EXERCISE INSTRUCTIONS
The lines below that include "color" are to be found and copied.

RECORDS PROVIDED
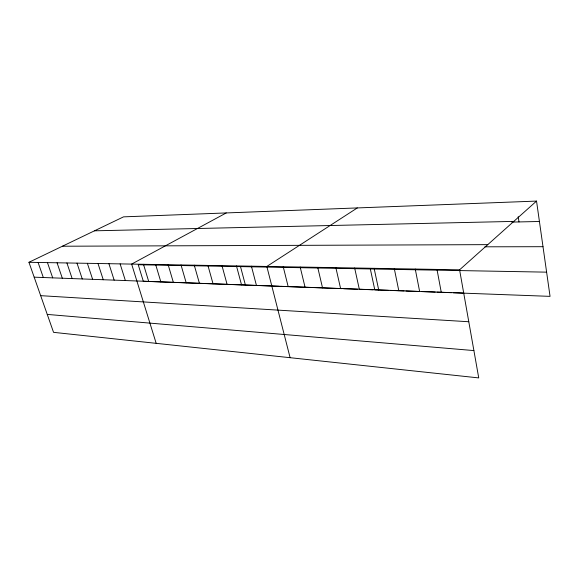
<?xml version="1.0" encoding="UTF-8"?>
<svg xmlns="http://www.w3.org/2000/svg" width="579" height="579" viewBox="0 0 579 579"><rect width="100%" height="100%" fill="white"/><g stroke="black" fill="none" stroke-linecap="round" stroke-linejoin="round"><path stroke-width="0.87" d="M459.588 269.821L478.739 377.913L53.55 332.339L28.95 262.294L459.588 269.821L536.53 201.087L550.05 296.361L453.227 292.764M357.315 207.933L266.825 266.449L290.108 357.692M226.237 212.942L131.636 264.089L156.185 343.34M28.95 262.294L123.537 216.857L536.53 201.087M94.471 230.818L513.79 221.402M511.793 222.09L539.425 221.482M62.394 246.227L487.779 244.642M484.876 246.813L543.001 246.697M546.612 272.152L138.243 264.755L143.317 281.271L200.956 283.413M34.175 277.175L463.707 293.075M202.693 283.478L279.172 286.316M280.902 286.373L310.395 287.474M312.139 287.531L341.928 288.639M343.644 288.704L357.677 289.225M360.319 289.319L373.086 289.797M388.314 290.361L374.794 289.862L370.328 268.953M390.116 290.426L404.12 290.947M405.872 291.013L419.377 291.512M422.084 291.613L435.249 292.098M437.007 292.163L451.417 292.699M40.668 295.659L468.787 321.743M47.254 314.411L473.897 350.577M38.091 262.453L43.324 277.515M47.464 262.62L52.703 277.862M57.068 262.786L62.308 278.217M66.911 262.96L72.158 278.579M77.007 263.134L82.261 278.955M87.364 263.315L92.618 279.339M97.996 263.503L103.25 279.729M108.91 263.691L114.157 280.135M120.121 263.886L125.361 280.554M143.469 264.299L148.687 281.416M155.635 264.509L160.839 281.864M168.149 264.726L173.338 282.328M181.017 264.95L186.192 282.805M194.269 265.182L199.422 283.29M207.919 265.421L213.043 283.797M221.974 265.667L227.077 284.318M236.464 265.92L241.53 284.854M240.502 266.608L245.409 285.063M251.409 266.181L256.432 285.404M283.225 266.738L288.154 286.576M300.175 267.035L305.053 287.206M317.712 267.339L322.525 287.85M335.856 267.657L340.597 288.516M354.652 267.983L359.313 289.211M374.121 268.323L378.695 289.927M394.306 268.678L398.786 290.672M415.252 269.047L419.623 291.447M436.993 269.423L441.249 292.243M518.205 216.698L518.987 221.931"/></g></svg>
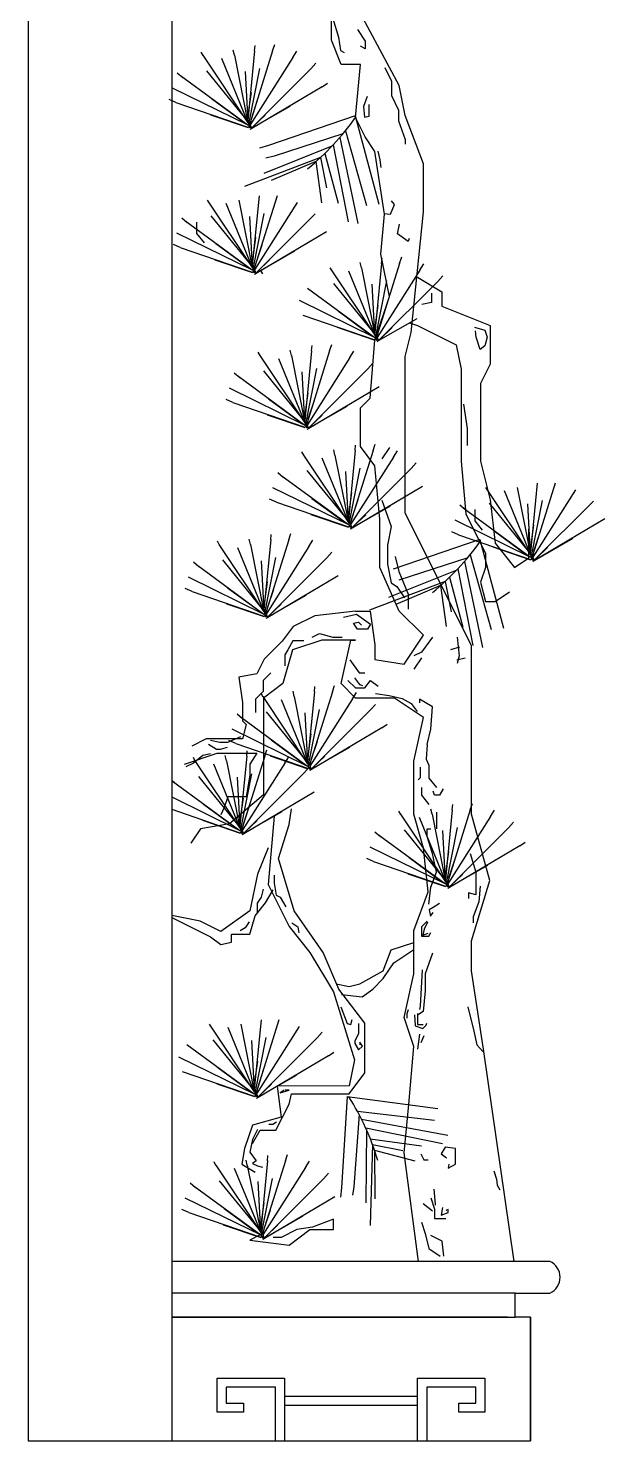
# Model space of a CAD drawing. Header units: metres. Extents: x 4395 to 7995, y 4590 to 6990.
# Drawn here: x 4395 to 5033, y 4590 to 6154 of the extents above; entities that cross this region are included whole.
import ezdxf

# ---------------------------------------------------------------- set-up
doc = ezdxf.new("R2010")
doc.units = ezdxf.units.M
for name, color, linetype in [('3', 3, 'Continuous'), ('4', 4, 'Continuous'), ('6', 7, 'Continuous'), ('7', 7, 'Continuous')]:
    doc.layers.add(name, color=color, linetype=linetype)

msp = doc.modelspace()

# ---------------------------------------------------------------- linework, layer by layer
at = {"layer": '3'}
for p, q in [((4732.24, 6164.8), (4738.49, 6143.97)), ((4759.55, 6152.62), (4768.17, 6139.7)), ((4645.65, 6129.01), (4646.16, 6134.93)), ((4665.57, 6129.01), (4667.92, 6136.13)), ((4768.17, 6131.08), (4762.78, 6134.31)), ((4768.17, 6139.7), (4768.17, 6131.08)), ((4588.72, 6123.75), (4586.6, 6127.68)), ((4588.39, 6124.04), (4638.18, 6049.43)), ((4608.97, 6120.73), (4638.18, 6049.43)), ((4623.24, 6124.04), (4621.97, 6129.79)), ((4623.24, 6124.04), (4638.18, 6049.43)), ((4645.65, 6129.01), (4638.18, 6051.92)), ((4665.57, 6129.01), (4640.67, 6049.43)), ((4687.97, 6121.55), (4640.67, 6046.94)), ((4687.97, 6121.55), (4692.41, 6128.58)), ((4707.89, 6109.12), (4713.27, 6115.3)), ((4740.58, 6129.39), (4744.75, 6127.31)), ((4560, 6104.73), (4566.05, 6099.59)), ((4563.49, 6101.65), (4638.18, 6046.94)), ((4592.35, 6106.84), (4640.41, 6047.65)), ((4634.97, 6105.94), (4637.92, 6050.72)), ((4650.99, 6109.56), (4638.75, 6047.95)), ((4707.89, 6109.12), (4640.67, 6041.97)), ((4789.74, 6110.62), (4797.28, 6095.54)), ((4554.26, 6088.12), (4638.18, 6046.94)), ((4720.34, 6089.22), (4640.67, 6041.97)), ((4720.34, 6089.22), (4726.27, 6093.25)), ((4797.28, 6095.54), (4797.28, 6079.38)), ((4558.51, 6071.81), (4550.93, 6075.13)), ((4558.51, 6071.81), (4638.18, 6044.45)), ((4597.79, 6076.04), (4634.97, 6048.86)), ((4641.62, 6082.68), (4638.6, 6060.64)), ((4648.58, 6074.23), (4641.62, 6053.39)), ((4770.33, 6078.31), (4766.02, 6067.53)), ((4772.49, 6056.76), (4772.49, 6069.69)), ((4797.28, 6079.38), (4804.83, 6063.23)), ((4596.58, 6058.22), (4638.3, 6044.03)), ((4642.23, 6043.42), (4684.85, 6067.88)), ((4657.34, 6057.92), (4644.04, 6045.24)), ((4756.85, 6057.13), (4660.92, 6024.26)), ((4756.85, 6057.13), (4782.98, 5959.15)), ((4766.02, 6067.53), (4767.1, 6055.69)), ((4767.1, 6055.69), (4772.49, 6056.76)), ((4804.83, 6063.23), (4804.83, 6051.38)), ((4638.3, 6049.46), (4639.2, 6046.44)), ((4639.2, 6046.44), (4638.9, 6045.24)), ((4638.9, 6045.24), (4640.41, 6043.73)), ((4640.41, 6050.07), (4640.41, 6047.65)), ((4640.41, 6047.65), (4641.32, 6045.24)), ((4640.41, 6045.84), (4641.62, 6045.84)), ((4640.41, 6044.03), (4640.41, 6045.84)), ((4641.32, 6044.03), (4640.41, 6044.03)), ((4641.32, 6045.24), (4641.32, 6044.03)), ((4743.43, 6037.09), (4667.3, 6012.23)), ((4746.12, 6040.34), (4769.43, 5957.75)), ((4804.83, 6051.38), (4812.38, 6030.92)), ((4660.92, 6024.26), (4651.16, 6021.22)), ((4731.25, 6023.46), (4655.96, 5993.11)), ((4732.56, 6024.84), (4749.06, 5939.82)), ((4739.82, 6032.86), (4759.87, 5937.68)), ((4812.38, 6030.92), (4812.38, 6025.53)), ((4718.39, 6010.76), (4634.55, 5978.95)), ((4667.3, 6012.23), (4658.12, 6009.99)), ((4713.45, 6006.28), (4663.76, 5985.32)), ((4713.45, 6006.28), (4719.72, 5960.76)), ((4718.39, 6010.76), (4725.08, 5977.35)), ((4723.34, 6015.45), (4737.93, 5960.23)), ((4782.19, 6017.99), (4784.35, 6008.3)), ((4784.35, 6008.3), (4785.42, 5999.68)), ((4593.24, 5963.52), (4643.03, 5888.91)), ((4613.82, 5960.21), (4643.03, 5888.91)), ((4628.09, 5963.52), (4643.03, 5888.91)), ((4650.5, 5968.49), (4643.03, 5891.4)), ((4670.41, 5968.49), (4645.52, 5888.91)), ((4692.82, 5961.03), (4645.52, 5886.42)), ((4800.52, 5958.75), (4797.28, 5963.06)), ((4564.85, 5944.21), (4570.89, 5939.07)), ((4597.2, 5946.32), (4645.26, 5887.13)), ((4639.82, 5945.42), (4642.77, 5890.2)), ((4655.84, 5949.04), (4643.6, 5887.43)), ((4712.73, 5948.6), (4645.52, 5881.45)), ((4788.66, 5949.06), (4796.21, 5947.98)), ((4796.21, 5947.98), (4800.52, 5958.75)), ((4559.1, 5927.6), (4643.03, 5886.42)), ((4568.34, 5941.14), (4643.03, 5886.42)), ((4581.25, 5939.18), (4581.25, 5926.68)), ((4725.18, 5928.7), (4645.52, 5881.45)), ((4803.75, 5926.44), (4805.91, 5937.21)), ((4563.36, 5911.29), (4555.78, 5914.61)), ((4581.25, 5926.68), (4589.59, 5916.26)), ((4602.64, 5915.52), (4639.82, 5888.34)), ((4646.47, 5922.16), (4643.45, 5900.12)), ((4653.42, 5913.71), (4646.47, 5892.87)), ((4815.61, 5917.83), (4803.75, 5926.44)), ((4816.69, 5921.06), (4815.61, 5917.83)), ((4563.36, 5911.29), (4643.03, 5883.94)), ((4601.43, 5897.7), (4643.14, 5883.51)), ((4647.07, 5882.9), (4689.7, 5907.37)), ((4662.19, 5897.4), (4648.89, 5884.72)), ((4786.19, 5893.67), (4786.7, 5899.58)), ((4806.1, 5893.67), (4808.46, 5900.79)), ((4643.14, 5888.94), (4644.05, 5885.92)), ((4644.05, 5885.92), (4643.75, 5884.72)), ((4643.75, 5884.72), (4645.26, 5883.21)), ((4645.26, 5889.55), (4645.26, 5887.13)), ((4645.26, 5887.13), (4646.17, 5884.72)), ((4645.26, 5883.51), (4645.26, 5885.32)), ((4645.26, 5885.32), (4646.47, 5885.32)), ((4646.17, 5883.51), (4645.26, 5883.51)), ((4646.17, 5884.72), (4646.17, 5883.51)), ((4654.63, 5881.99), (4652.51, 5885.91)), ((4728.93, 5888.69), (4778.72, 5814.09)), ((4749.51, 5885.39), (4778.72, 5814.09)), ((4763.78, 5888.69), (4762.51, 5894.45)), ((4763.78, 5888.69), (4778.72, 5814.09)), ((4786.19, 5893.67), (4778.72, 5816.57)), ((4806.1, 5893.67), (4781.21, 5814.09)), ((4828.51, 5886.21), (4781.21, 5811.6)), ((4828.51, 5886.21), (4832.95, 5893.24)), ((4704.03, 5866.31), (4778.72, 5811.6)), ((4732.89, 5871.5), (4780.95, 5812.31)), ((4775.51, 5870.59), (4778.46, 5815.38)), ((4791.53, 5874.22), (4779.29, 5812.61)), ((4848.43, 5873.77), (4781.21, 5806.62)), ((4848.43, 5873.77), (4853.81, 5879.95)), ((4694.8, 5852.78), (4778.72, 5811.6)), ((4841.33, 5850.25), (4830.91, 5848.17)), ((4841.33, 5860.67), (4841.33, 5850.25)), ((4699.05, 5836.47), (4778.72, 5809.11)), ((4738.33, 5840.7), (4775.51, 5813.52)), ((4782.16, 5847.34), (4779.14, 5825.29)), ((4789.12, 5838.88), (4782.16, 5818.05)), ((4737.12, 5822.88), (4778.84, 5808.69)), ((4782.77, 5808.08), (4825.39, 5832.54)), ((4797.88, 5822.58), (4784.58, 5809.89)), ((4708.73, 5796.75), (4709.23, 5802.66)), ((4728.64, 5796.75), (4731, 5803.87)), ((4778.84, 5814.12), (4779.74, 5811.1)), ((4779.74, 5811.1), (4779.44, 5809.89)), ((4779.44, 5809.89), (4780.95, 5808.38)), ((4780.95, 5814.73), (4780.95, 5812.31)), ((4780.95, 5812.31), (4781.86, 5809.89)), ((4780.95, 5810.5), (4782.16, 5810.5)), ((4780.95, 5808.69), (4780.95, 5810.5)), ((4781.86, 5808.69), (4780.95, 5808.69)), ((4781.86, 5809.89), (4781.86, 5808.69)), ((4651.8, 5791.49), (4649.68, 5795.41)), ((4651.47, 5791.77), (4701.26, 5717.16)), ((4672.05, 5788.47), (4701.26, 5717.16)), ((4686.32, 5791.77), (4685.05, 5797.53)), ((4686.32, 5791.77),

WORKED SOLUTION
for name, color, linetype in [('3', 3, 'Continuous'), ('4', 4, 'Continuous'), ('6', 7, 'Continuous'), ('7', 7, 'Continuous')]:
    doc.layers.add(name, color=color, linetype=linetype)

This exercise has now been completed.